- **TASK REQUIREMENTS**: Can you return the records below exactly as they stand, but only from the first line through the one with "- P301 pad 4: (no net) -> Net-(P301-Pad4)"?

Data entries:
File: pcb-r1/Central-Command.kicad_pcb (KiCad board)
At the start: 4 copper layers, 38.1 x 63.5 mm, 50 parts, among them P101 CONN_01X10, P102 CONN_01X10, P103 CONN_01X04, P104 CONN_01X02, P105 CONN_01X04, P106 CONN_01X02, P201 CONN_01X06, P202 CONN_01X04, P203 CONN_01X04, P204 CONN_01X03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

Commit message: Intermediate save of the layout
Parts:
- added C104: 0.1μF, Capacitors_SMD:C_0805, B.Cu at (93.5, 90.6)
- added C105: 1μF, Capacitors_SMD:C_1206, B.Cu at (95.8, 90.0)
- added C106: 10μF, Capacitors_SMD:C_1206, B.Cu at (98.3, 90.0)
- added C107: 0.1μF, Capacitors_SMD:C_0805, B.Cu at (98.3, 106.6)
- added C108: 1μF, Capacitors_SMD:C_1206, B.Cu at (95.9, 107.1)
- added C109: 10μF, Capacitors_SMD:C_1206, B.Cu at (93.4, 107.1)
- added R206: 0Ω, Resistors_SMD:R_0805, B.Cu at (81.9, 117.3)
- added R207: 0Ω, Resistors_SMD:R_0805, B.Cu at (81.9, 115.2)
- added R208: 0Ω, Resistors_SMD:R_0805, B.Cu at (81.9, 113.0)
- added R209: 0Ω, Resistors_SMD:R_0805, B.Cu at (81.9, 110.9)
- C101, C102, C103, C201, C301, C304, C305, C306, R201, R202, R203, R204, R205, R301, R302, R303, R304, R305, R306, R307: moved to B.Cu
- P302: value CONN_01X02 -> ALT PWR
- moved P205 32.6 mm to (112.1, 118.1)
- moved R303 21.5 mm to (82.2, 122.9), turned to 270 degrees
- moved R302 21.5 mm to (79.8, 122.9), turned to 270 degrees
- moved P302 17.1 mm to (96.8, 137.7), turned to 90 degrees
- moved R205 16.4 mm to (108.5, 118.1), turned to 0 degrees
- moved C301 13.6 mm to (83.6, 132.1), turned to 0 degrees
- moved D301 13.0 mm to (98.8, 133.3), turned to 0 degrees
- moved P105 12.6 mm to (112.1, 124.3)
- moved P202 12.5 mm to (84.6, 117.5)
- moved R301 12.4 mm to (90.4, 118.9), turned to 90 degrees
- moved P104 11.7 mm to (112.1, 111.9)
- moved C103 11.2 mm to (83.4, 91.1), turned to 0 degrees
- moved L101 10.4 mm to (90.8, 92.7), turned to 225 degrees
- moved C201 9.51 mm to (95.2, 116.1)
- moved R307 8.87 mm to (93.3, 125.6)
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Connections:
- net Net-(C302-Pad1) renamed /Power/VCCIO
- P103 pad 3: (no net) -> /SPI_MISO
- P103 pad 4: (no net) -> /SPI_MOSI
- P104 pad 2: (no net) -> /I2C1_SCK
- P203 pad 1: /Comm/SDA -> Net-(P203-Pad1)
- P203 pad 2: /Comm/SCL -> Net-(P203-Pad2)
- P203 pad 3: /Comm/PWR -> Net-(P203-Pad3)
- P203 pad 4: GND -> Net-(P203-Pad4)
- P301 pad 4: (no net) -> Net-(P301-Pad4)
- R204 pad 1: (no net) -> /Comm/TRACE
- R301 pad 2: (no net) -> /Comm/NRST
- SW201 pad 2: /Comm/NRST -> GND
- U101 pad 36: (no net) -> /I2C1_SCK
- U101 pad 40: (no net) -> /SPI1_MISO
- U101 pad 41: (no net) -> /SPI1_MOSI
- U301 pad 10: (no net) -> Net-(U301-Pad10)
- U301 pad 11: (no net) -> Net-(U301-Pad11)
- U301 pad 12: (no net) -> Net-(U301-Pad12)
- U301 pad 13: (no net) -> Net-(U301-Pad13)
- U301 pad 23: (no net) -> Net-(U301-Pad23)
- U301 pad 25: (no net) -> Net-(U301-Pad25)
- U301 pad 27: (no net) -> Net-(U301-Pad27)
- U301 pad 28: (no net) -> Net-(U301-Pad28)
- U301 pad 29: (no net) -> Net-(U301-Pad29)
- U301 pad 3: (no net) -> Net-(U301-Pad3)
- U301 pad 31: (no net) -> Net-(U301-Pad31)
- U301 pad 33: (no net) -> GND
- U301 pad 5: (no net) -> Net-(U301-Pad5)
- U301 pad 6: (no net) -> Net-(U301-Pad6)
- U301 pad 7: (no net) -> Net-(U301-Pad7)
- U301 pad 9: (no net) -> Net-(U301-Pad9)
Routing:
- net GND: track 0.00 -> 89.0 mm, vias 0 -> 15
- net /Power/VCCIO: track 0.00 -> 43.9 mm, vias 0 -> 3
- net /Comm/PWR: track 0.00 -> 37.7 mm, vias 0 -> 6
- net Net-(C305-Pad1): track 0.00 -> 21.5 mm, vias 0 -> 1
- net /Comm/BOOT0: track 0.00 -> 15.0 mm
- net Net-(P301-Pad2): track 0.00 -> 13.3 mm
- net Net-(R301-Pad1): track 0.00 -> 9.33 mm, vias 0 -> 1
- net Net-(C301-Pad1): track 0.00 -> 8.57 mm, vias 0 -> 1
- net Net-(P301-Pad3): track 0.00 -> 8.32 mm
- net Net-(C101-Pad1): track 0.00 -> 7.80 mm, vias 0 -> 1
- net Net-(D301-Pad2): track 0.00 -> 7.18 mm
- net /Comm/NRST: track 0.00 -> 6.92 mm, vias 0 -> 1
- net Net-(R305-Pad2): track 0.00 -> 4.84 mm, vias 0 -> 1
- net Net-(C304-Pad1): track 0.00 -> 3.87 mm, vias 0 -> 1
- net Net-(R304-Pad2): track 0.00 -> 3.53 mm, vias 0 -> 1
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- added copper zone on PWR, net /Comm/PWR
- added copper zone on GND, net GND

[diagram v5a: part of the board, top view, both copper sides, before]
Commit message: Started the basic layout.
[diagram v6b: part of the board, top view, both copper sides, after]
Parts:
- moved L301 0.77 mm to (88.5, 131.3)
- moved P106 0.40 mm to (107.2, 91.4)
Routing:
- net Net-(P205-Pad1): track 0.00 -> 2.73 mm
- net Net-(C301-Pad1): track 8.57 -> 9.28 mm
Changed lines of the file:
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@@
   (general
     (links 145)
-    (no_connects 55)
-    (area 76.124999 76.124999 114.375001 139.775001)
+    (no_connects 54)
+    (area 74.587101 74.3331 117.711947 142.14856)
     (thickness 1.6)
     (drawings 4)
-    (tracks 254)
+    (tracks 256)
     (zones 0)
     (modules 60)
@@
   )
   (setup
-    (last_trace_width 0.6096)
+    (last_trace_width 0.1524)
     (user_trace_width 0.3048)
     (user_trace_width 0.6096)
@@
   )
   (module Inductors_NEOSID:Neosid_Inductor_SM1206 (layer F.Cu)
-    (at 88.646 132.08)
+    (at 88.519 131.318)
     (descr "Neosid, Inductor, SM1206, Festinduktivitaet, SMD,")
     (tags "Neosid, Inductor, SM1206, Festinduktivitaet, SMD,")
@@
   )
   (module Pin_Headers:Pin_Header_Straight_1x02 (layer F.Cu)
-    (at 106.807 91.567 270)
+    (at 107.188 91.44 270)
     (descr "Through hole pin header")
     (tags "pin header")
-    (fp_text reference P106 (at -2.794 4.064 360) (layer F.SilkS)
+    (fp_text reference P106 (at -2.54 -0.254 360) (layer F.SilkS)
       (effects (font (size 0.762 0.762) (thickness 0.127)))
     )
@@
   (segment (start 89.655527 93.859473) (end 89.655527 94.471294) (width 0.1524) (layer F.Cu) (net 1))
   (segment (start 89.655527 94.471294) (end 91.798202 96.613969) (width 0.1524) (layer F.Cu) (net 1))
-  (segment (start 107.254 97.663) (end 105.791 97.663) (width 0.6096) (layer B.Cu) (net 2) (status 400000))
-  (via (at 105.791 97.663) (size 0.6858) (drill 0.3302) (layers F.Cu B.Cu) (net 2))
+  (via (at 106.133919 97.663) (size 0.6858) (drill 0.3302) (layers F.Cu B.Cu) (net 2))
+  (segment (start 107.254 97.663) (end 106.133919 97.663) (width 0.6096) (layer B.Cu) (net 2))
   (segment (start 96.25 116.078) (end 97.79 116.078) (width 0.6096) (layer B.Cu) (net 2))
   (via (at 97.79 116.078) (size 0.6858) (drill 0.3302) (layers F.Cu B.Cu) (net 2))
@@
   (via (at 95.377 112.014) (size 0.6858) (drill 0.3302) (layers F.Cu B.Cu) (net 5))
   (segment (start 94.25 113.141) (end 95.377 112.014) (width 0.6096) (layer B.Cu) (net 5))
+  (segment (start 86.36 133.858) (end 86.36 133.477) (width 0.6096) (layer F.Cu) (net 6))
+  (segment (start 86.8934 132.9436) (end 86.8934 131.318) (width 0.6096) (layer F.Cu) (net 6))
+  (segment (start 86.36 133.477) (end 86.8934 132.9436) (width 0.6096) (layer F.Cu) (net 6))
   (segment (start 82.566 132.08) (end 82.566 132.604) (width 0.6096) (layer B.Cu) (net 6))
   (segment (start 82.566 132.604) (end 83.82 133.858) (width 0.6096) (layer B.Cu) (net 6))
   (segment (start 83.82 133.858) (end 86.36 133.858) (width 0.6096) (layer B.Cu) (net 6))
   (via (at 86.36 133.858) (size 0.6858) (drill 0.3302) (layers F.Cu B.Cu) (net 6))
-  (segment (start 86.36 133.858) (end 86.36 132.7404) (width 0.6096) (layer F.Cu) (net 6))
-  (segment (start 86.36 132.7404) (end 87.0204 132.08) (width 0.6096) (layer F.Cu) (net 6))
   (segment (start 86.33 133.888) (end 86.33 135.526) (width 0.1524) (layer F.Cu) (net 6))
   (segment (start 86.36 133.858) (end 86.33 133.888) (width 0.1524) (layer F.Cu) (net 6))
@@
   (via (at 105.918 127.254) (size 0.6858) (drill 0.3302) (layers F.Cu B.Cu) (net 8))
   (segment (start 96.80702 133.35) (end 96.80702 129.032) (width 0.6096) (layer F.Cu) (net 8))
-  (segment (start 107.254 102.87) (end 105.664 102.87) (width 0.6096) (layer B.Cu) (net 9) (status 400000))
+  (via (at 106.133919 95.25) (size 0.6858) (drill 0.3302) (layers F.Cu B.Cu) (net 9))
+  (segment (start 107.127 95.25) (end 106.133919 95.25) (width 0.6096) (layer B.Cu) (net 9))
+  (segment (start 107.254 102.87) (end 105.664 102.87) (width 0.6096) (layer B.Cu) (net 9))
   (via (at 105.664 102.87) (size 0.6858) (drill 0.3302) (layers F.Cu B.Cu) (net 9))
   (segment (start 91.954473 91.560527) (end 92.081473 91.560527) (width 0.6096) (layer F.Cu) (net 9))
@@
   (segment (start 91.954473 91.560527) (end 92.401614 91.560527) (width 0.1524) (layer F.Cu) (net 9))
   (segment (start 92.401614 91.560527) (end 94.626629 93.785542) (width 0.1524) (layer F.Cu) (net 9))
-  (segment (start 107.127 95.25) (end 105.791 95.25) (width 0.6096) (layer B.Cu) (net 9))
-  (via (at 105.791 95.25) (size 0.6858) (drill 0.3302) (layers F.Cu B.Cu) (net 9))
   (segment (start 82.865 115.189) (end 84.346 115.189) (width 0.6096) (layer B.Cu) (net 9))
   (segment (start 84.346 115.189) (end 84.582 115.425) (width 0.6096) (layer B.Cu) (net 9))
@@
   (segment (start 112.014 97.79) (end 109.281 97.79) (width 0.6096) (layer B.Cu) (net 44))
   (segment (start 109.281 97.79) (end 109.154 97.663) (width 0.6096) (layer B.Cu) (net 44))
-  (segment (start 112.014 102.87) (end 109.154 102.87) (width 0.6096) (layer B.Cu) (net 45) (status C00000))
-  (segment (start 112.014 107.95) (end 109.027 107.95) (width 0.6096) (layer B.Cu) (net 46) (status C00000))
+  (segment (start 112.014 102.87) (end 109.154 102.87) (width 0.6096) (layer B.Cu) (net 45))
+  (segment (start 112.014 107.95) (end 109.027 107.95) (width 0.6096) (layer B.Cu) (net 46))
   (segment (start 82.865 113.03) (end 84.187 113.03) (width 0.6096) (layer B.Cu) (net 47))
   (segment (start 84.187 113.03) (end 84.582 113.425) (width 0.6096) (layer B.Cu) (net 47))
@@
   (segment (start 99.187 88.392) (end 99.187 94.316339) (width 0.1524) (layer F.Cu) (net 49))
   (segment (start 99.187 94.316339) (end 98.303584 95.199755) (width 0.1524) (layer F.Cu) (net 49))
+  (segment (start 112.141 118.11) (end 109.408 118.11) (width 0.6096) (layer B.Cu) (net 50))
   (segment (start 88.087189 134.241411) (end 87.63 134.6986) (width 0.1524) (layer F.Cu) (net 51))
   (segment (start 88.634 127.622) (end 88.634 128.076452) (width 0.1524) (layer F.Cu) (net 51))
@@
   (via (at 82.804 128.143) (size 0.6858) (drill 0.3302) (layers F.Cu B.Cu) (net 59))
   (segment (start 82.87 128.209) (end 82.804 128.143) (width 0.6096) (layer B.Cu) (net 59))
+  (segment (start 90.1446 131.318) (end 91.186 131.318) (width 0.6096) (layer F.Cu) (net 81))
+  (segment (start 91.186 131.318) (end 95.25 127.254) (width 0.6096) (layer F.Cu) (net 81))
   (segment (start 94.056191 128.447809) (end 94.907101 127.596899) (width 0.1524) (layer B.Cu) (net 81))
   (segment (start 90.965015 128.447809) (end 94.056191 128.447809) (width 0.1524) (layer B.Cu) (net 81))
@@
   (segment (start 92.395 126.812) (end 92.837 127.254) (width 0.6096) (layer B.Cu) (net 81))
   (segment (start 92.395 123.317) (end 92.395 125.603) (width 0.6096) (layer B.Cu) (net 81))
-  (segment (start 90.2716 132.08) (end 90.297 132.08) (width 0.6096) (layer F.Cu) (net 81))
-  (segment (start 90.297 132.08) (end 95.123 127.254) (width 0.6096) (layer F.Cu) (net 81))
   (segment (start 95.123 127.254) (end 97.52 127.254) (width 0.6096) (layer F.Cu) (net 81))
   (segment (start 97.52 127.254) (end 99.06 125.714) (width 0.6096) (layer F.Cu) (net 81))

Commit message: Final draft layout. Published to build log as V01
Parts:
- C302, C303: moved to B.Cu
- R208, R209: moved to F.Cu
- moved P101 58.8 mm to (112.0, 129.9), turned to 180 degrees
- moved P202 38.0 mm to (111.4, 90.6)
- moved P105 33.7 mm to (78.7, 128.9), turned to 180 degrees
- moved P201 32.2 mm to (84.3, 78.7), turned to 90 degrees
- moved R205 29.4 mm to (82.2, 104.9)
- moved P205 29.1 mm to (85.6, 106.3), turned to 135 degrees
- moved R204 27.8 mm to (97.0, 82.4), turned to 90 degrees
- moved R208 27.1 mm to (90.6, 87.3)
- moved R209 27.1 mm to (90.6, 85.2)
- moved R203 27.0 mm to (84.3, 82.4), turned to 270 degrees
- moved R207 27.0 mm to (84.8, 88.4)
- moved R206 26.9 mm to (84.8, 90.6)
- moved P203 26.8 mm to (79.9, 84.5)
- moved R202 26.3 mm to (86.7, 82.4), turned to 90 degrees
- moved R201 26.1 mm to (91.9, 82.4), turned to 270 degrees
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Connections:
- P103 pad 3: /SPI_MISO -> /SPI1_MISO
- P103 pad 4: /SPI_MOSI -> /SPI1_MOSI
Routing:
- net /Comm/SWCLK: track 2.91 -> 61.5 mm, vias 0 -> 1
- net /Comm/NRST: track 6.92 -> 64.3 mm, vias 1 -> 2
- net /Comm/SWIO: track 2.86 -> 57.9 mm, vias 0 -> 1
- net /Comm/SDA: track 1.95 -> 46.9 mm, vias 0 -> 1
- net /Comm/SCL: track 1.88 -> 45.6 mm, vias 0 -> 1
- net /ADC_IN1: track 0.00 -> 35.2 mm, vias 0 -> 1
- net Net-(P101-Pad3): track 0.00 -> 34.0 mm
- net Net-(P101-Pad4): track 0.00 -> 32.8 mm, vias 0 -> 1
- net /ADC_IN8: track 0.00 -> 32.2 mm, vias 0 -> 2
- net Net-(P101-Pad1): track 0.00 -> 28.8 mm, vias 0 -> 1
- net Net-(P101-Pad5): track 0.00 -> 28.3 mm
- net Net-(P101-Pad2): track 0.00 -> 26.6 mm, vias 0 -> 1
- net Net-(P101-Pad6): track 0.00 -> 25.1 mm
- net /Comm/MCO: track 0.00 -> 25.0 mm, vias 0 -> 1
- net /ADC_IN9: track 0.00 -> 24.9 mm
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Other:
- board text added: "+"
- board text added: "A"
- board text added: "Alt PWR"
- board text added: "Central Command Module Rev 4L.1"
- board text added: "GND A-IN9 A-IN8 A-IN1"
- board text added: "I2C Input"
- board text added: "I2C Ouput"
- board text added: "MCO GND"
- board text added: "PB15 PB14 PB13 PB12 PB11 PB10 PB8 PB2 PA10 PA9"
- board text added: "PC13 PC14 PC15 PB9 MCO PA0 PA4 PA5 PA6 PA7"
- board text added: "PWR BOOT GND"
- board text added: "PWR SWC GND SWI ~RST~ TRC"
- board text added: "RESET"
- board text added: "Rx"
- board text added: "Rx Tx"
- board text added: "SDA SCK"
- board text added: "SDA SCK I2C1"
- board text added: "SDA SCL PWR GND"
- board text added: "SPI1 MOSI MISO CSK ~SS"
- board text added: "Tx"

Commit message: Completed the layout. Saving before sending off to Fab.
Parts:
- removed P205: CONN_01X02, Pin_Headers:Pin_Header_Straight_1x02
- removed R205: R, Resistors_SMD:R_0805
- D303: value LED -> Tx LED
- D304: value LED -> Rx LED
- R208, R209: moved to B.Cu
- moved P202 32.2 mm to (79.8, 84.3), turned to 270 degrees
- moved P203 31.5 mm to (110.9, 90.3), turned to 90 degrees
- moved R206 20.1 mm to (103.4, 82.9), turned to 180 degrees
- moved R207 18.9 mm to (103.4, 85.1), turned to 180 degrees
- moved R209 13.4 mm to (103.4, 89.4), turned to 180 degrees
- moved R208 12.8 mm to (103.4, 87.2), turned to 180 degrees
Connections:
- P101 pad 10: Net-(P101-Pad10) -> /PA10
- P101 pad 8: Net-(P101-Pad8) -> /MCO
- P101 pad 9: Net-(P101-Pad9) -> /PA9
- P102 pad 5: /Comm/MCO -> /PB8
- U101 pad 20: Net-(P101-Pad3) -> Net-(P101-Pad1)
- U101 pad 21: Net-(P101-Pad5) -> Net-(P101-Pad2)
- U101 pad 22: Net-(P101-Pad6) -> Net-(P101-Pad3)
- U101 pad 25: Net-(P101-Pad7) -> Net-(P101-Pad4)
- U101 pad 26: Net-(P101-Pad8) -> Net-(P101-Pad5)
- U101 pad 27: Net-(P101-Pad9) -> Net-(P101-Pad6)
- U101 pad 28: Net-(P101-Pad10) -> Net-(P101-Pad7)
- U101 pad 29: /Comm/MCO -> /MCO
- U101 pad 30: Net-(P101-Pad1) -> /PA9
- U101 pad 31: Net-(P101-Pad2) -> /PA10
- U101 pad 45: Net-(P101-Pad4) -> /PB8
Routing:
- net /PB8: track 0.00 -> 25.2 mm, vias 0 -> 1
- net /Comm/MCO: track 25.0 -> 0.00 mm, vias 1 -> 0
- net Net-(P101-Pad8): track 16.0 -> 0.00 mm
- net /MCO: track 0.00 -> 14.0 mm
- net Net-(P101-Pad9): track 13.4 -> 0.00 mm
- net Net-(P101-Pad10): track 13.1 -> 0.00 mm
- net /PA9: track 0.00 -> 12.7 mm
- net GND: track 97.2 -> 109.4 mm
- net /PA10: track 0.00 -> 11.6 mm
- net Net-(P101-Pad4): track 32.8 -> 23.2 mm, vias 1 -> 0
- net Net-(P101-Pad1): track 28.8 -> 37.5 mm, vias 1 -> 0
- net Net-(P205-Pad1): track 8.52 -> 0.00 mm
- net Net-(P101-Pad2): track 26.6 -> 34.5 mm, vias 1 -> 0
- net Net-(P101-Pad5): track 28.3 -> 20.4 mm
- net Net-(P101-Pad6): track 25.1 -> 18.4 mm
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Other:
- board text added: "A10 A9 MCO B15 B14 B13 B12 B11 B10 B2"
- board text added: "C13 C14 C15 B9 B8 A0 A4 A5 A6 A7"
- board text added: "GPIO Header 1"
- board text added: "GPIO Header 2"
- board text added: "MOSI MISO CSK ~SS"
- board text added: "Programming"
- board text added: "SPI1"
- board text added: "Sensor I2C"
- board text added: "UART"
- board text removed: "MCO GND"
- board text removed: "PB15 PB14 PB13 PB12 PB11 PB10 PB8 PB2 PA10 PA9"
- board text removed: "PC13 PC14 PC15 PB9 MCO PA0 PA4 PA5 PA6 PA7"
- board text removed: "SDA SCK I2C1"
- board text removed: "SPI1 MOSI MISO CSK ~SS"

- **EXERCISE RESULT**:
File: pcb-r1/Central-Command.kicad_pcb (KiCad board)
At the start: 4 copper layers, 38.1 x 63.5 mm, 50 parts, among them P101 CONN_01X10, P102 CONN_01X10, P103 CONN_01X04, P104 CONN_01X02, P105 CONN_01X04, P106 CONN_01X02, P201 CONN_01X06, P202 CONN_01X04, P203 CONN_01X04, P204 CONN_01X03

Commit message: Intermediate save of the layout
Parts:
- added C104: 0.1μF, Capacitors_SMD:C_0805, B.Cu at (93.5, 90.6)
- added C105: 1μF, Capacitors_SMD:C_1206, B.Cu at (95.8, 90.0)
- added C106: 10μF, Capacitors_SMD:C_1206, B.Cu at (98.3, 90.0)
- added C107: 0.1μF, Capacitors_SMD:C_0805, B.Cu at (98.3, 106.6)
- added C108: 1μF, Capacitors_SMD:C_1206, B.Cu at (95.9, 107.1)
- added C109: 10μF, Capacitors_SMD:C_1206, B.Cu at (93.4, 107.1)
- added R206: 0Ω, Resistors_SMD:R_0805, B.Cu at (81.9, 117.3)
- added R207: 0Ω, Resistors_SMD:R_0805, B.Cu at (81.9, 115.2)
- added R208: 0Ω, Resistors_SMD:R_0805, B.Cu at (81.9, 113.0)
- added R209: 0Ω, Resistors_SMD:R_0805, B.Cu at (81.9, 110.9)
- C101, C102, C103, C201, C301, C304, C305, C306, R201, R202, R203, R204, R205, R301, R302, R303, R304, R305, R306, R307: moved to B.Cu
- P302: value CONN_01X02 -> ALT PWR
- moved P205 32.6 mm to (112.1, 118.1)
- moved R303 21.5 mm to (82.2, 122.9), turned to 270 degrees
- moved R302 21.5 mm to (79.8, 122.9), turned to 270 degrees
- moved P302 17.1 mm to (96.8, 137.7), turned to 90 degrees
- moved R205 16.4 mm to (108.5, 118.1), turned to 0 degrees
- moved C301 13.6 mm to (83.6, 132.1), turned to 0 degrees
- moved D301 13.0 mm to (98.8, 133.3), turned to 0 degrees
- moved P105 12.6 mm to (112.1, 124.3)
- moved P202 12.5 mm to (84.6, 117.5)
- moved R301 12.4 mm to (90.4, 118.9), turned to 90 degrees
- moved P104 11.7 mm to (112.1, 111.9)
- moved C103 11.2 mm to (83.4, 91.1), turned to 0 degrees
- moved L101 10.4 mm to (90.8, 92.7), turned to 225 degrees
- moved C201 9.51 mm to (95.2, 116.1)
- moved R307 8.87 mm to (93.3, 125.6)
Connections:
- net Net-(C302-Pad1) renamed /Power/VCCIO
- P103 pad 3: (no net) -> /SPI_MISO
- P103 pad 4: (no net) -> /SPI_MOSI
- P104 pad 2: (no net) -> /I2C1_SCK
- P203 pad 1: /Comm/SDA -> Net-(P203-Pad1)
- P203 pad 2: /Comm/SCL -> Net-(P203-Pad2)
- P203 pad 3: /Comm/PWR -> Net-(P203-Pad3)
- P203 pad 4: GND -> Net-(P203-Pad4)
- P301 pad 4: (no net) -> Net-(P301-Pad4)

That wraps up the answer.